**TASK GOAL**
Instruction for the entries below: return the part that opens with the line containing "FILE_SCHEMA (( 'CONFIG_CONTROL_DESIGN' ));" and closes with the line containing "#150 = AXIS2_PLACEMENT_3D", exactly, and no pictures.

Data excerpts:
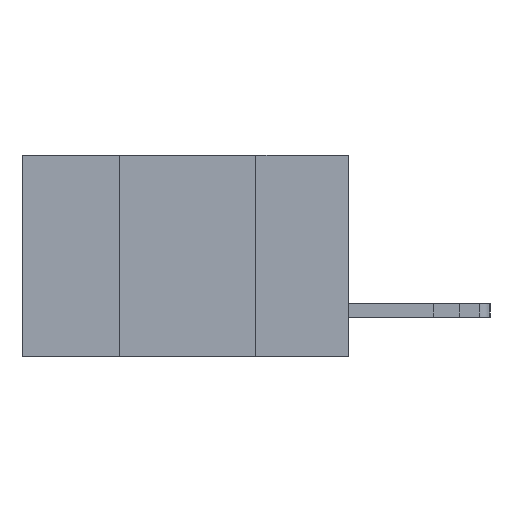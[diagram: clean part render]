
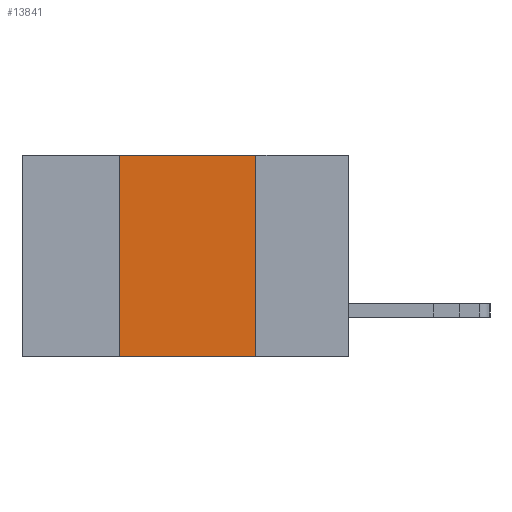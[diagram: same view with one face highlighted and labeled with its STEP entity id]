
A CAD part, left-side view. The second image highlights one B-rep face of the part: STEP entity #13841.
In plain terms, the highlighted planar face has unit normal (-1, 0, 0).
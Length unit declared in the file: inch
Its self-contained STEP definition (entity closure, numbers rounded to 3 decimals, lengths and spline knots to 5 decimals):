
#369 = LINE ( 'NONE', #1775, #6634 ) ;
#626 = CARTESIAN_POINT ( 'NONE',  ( 0., 0.17, -0.37 ) ) ;
#1775 = CARTESIAN_POINT ( 'NONE',  ( 0., 0.6, 0. ) ) ;
#1875 = ORIENTED_EDGE ( 'NONE', *, *, #13002, .T. ) ;
#2264 = ORIENTED_EDGE ( 'NONE', *, *, #6173, .F. ) ;
#2685 = EDGE_CURVE ( 'NONE', #14047, #6003, #369, .T. ) ;
#2999 = VERTEX_POINT ( 'NONE', #12236 ) ;
#3044 = PLANE ( 'NONE',  #4498 ) ;
#4336 = DIRECTION ( 'NONE',  ( 0., 0., -1. ) ) ;
#4498 = AXIS2_PLACEMENT_3D ( 'NONE', #15260, #11703, #4336 ) ;
#5209 = CARTESIAN_POINT ( 'NONE',  ( 0., 0.6, -0.37 ) ) ;
#5565 = CARTESIAN_POINT ( 'NONE',  ( 0., 0.42, 0. ) ) ;
#5582 = VERTEX_POINT ( 'NONE', #626 ) ;
#5944 = CARTESIAN_POINT ( 'NONE',  ( 0., 0.42, 0. ) ) ;
#6003 = VERTEX_POINT ( 'NONE', #8967 ) ;
#6173 = EDGE_CURVE ( 'NONE', #2999, #14047, #6645, .T. ) ;
#6358 = FACE_OUTER_BOUND ( 'NONE', #13400, .T. ) ;
#6634 = VECTOR ( 'NONE', #9280, 39.37008 ) ;
#6645 = LINE ( 'NONE', #5565, #15906 ) ;
#6690 = LINE ( 'NONE', #13859, #12596 ) ;
#8967 = CARTESIAN_POINT ( 'NONE',  ( 0., 0.17, 0. ) ) ;
#9039 = DIRECTION ( 'NONE',  ( 0., 0., -1. ) ) ;
#9280 = DIRECTION ( 'NONE',  ( 0., -1., 0. ) ) ;
#10299 = EDGE_CURVE ( 'NONE', #6003, #5582, #6690, .T. ) ;
#11182 = ORIENTED_EDGE ( 'NONE', *, *, #10299, .F. ) ;
#11703 = DIRECTION ( 'NONE',  ( 1., 0., 0. ) ) ;
#12236 = CARTESIAN_POINT ( 'NONE',  ( 0., 0.42, -0.37 ) ) ;
#12466 = LINE ( 'NONE', #5209, #15286 ) ;
#12596 = VECTOR ( 'NONE', #9039, 39.37008 ) ;
#12911 = DIRECTION ( 'NONE',  ( 0., 0., 1. ) ) ;
#13002 = EDGE_CURVE ( 'NONE', #2999, #5582, #12466, .T. ) ;
#13266 = ORIENTED_EDGE ( 'NONE', *, *, #2685, .F. ) ;
#13400 = EDGE_LOOP ( 'NONE', ( #11182, #13266, #2264, #1875 ) ) ;
#13841 = ADVANCED_FACE ( 'NONE', ( #6358 ), #3044, .F. ) ;
#13859 = CARTESIAN_POINT ( 'NONE',  ( 0., 0.17, 0. ) ) ;
#14047 = VERTEX_POINT ( 'NONE', #5944 ) ;
#14912 = DIRECTION ( 'NONE',  ( 0., -1., 0. ) ) ;
#15260 = CARTESIAN_POINT ( 'NONE',  ( 0., 0.6, 0. ) ) ;
#15286 = VECTOR ( 'NONE', #14912, 39.37008 ) ;
#15906 = VECTOR ( 'NONE', #12911, 39.37008 ) ;
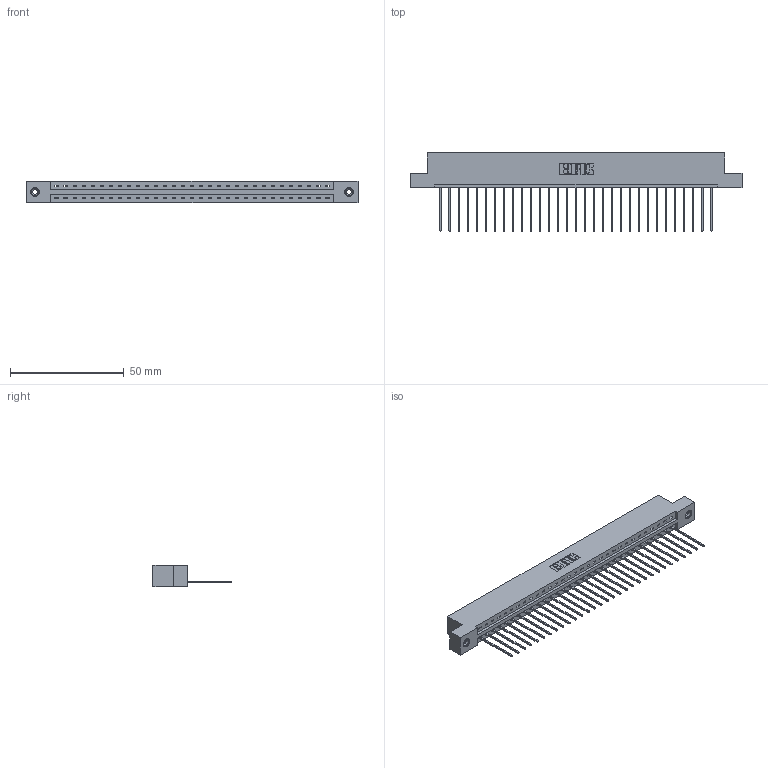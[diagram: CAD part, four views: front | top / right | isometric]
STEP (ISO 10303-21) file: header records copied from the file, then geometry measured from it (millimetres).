
FILE_DESCRIPTION (( 'STEP AP203' ), '1' );
FILE_NAME ('337-031-541-108.STEP', '2018-08-07T03:33:25', ( '' ), ( '' ), 'SwSTEP 2.0', 'SolidWorks 2016', '' );
FILE_SCHEMA (( 'CONFIG_CONTROL_DESIGN' ));
Length unit declared in the file: inch
Products named in the file (4): 337 Part_Flush Mounting Lugs - 0.156 Dia-TI; 345-292-001_345-293-141; 345-250-001_345-250-003-102; 337-031-541-108
Assembly tree (34 placements, depth 2):
  337-031-541-108
    337 Part_Flush Mounting Lugs - 0.156 Dia-TI
    345-292-001_345-293-141  x31
    345-250-001_345-250-003-102  x2
Bounding box: 145.85 x 34.3 x 9.4 mm (x, y, z)
Volume: 15116.5 mm3; surface area: 16218.5 mm2
Topology: 34 solids, 34 shells, 2096 faces, 6275 edges, 4134 vertices
Faces by surface type: plane 1528, cylinder 552, cone 12, torus 4
Entity records: 25670 total; most frequent: CARTESIAN_POINT 4450, ORIENTED_EDGE 4410, DIRECTION 3801, EDGE_CURVE 2205, VECTOR 2057, LINE 2057, VERTEX_POINT 1464, AXIS2_PLACEMENT_3D 872
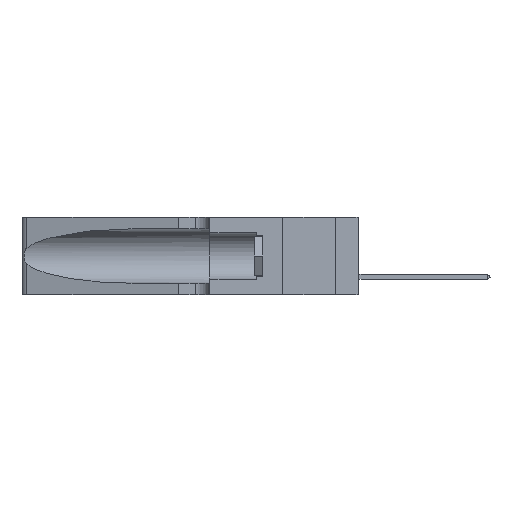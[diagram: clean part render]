
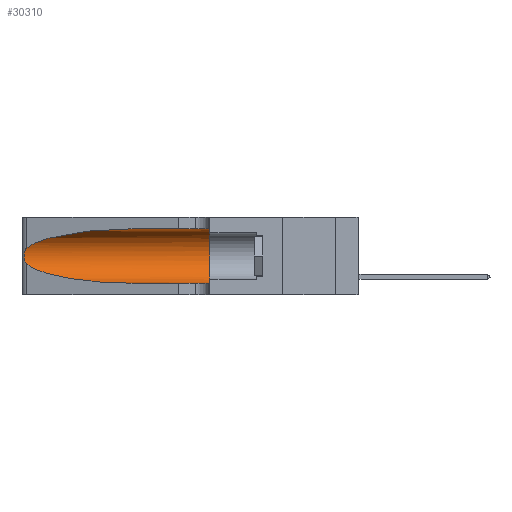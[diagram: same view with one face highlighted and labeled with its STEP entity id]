
A CAD part, left-side view. The second image highlights one B-rep face of the part: STEP entity #30310.
In plain terms, the highlighted cylindrical face has radius 3.308 mm (diameter 6.617 mm), a partial arc.
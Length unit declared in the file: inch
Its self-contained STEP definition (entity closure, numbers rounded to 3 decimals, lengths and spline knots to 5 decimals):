
#150 = AXIS2_PLACEMENT_3D ( 'NONE', #24388, #22050, #24890 ) ;
#216 = ORIENTED_EDGE ( 'NONE', *, *, #29599, .T. ) ;
#568 = CARTESIAN_POINT ( 'NONE',  ( 0.25487, 1.22718, 0.14631 ) ) ;
#1254 = CARTESIAN_POINT ( 'NONE',  ( 0.2373, 1.15595, 0.08982 ) ) ;
#1269 = EDGE_CURVE ( 'NONE', #31693, #20055, #11104, .T. ) ;
#1664 = VERTEX_POINT ( 'NONE', #568 ) ;
#2185 = EDGE_LOOP ( 'NONE', ( #15209, #216, #8857, #33991, #17256, #19014 ) ) ;
#4592 = AXIS2_PLACEMENT_3D ( 'NONE', #16203, #24671, #30062 ) ;
#4666 = CARTESIAN_POINT ( 'NONE',  ( 0.25555, 1.22994, 0.2215 ) ) ;
#5912 = CARTESIAN_POINT ( 'NONE',  ( 0.25487, 1.22718, 0.22369 ) ) ;
#7022 = EDGE_CURVE ( 'NONE', #27515, #20055, #11424, .T. ) ;
#7325 = CARTESIAN_POINT ( 'NONE',  ( 0.1305, 0.35, 0.05475 ) ) ;
#7596 = DIRECTION ( 'NONE',  ( 0., -1., 0. ) ) ;
#7641 = CARTESIAN_POINT ( 'NONE',  ( 0.25555, 1.22993, 0.14849 ) ) ;
#8857 = ORIENTED_EDGE ( 'NONE', *, *, #13091, .T. ) ;
#9840 = DIRECTION ( 'NONE',  ( 0., -1., 0. ) ) ;
#11104 = LINE ( 'NONE', #21338, #21196 ) ;
#11424 = CIRCLE ( 'NONE', #150, 0.13025 ) ;
#12813 = CARTESIAN_POINT ( 'NONE',  ( 0.18966, 0.96281, 0.05475 ) ) ;
#13091 = EDGE_CURVE ( 'NONE', #1664, #31693, #24441, .T. ) ;
#13119 = CARTESIAN_POINT ( 'NONE',  ( 0.18966, 0.96281, 0.31525 ) ) ;
#15209 = ORIENTED_EDGE ( 'NONE', *, *, #17027, .T. ) ;
#16123 = CARTESIAN_POINT ( 'NONE',  ( 0.25854, 1.2359, 0.20912 ) ) ;
#16203 = CARTESIAN_POINT ( 'NONE',  ( 0.1305, 1.61858, 0.185 ) ) ;
#16279 = CARTESIAN_POINT ( 'NONE',  ( 0.1305, 0.35, 0.31525 ) ) ;
#17027 = EDGE_CURVE ( 'NONE', #31356, #26194, #17418, .T. ) ;
#17256 = ORIENTED_EDGE ( 'NONE', *, *, #7022, .F. ) ;
#17418 =( BOUNDED_CURVE ( )  B_SPLINE_CURVE ( 3, ( #21708, #13119, #30190, #33273 ),
 .UNSPECIFIED., .F., .T. ) 
 B_SPLINE_CURVE_WITH_KNOTS ( ( 4, 4 ),
 ( 1.5708, 2.84003 ),
 .UNSPECIFIED. ) 
 CURVE ( )  GEOMETRIC_REPRESENTATION_ITEM ( )  RATIONAL_B_SPLINE_CURVE ( ( 1., 0.87, 0.87, 1. ) ) 
 REPRESENTATION_ITEM ( '' )  );
#18163 = CARTESIAN_POINT ( 'NONE',  ( 0.1305, 0.72297, 0.31525 ) ) ;
#18837 = CARTESIAN_POINT ( 'NONE',  ( 0.25789, 1.23486, 0.15765 ) ) ;
#19014 = ORIENTED_EDGE ( 'NONE', *, *, #33409, .F. ) ;
#19195 = CARTESIAN_POINT ( 'NONE',  ( 0.26075, 1.23896, 0.178 ) ) ;
#20055 = VERTEX_POINT ( 'NONE', #7325 ) ;
#21196 = VECTOR ( 'NONE', #9840, 39.37008 ) ;
#21330 = CARTESIAN_POINT ( 'NONE',  ( 0.1305, 1.61858, 0.31525 ) ) ;
#21338 = CARTESIAN_POINT ( 'NONE',  ( 0.1305, 1.61858, 0.05475 ) ) ;
#21708 = CARTESIAN_POINT ( 'NONE',  ( 0.1305, 0.72297, 0.31525 ) ) ;
#21747 = CARTESIAN_POINT ( 'NONE',  ( 0.25856, 1.23593, 0.16098 ) ) ;
#22001 = CARTESIAN_POINT ( 'NONE',  ( 0.25787, 1.23484, 0.2124 ) ) ;
#22050 = DIRECTION ( 'NONE',  ( 0., 1., 0. ) ) ;
#24388 = CARTESIAN_POINT ( 'NONE',  ( 0.1305, 0.35, 0.185 ) ) ;
#24441 =( BOUNDED_CURVE ( )  B_SPLINE_CURVE ( 3, ( #26828, #1254, #12813, #35421 ),
 .UNSPECIFIED., .F., .T. ) 
 B_SPLINE_CURVE_WITH_KNOTS ( ( 4, 4 ),
 ( 3.44316, 4.71239 ),
 .UNSPECIFIED. ) 
 CURVE ( )  GEOMETRIC_REPRESENTATION_ITEM ( )  RATIONAL_B_SPLINE_CURVE ( ( 1., 0.87, 0.87, 1. ) ) 
 REPRESENTATION_ITEM ( '' )  );
#24671 = DIRECTION ( 'NONE',  ( 0., -1., 0. ) ) ;
#24839 = CARTESIAN_POINT ( 'NONE',  ( 0.26017, 1.23833, 0.17102 ) ) ;
#24890 = DIRECTION ( 'NONE',  ( 0., 0., 1. ) ) ;
#26194 = VERTEX_POINT ( 'NONE', #5912 ) ;
#26828 = CARTESIAN_POINT ( 'NONE',  ( 0.25487, 1.22718, 0.14631 ) ) ;
#27271 = CARTESIAN_POINT ( 'NONE',  ( 0.25487, 1.22718, 0.22369 ) ) ;
#27515 = VERTEX_POINT ( 'NONE', #16279 ) ;
#27644 = CARTESIAN_POINT ( 'NONE',  ( 0.26018, 1.23835, 0.19895 ) ) ;
#27760 = FACE_OUTER_BOUND ( 'NONE', #2185, .T. ) ;
#28774 = VECTOR ( 'NONE', #7596, 39.37008 ) ;
#29599 = EDGE_CURVE ( 'NONE', #26194, #1664, #35448, .T. ) ;
#29982 = CARTESIAN_POINT ( 'NONE',  ( 0.25639, 1.23186, 0.15144 ) ) ;
#30062 = DIRECTION ( 'NONE',  ( 0., 0., -1. ) ) ;
#30190 = CARTESIAN_POINT ( 'NONE',  ( 0.2373, 1.15595, 0.28018 ) ) ;
#30238 = CARTESIAN_POINT ( 'NONE',  ( 0.25639, 1.23184, 0.21858 ) ) ;
#30310 = ADVANCED_FACE ( 'NONE', ( #27760 ), #36124, .F. ) ;
#30357 = CARTESIAN_POINT ( 'NONE',  ( 0.26075, 1.23896, 0.19203 ) ) ;
#30991 = CARTESIAN_POINT ( 'NONE',  ( 0.1305, 0.72297, 0.05475 ) ) ;
#31356 = VERTEX_POINT ( 'NONE', #18163 ) ;
#31693 = VERTEX_POINT ( 'NONE', #30991 ) ;
#32803 = CARTESIAN_POINT ( 'NONE',  ( 0.25487, 1.22718, 0.14631 ) ) ;
#33273 = CARTESIAN_POINT ( 'NONE',  ( 0.25487, 1.22718, 0.22369 ) ) ;
#33409 = EDGE_CURVE ( 'NONE', #31356, #27515, #35425, .T. ) ;
#33991 = ORIENTED_EDGE ( 'NONE', *, *, #1269, .T. ) ;
#35421 = CARTESIAN_POINT ( 'NONE',  ( 0.1305, 0.72297, 0.05475 ) ) ;
#35425 = LINE ( 'NONE', #21330, #28774 ) ;
#35448 = B_SPLINE_CURVE_WITH_KNOTS ( 'NONE', 3,
 ( #27271, #4666, #30238, #22001, #16123, #27644, #30357, #19195, #24839, #21747, #18837, #29982, #7641, #32803 ),
 .UNSPECIFIED., .F., .F.,
 ( 4, 2, 2, 2, 2, 2, 4 ),
 ( 0., 0.00027, 0.00053, 0.00107, 0.0016, 0.00187, 0.00214 ),
 .UNSPECIFIED. ) ;
#36124 = CYLINDRICAL_SURFACE ( 'NONE', #4592, 0.13025 ) ;

**EXPECTED ANSWER**
FILE_SCHEMA (( 'CONFIG_CONTROL_DESIGN' ));
Length unit declared in the file: inch
Products named in the file (4): 337 Part_Flush Mounting Lugs - 0.156 Dia-TI; 345-292-001_345-293-141; 345-250-001_345-250-003-102; 337-031-541-108
Assembly tree (34 placements, depth 2):
  337-031-541-108
    337 Part_Flush Mounting Lugs - 0.156 Dia-TI
    345-292-001_345-293-141  x31
    345-250-001_345-250-003-102  x2
Bounding box: 145.85 x 34.3 x 9.4 mm (x, y, z)
Volume: 15116.5 mm3; surface area: 16218.5 mm2
Topology: 34 solids, 34 shells, 2096 faces, 6275 edges, 4134 vertices
Faces by surface type: plane 1528, cylinder 552, cone 12, torus 4
Entity records: 25670 total; most frequent: CARTESIAN_POINT 4450, ORIENTED_EDGE 4410, DIRECTION 3801, EDGE_CURVE 2205, VECTOR 2057, LINE 2057, VERTEX_POINT 1464, AXIS2_PLACEMENT_3D 872
[diagram: clean part render]
[diagram: same view with one face highlighted and labeled with its STEP entity id]
A CAD part, left-side view. The second image highlights one B-rep face of the part: STEP entity #30310.
In plain terms, the highlighted cylindrical face has radius 3.308 mm (diameter 6.617 mm), a partial arc.
Length unit declared in the file: inch
Its self-contained STEP definition (entity closure, numbers rounded to 3 decimals, lengths and spline knots to 5 decimals):
#150 = AXIS2_PLACEMENT_3D ( 'NONE', #24388, #22050, #24890 ) ;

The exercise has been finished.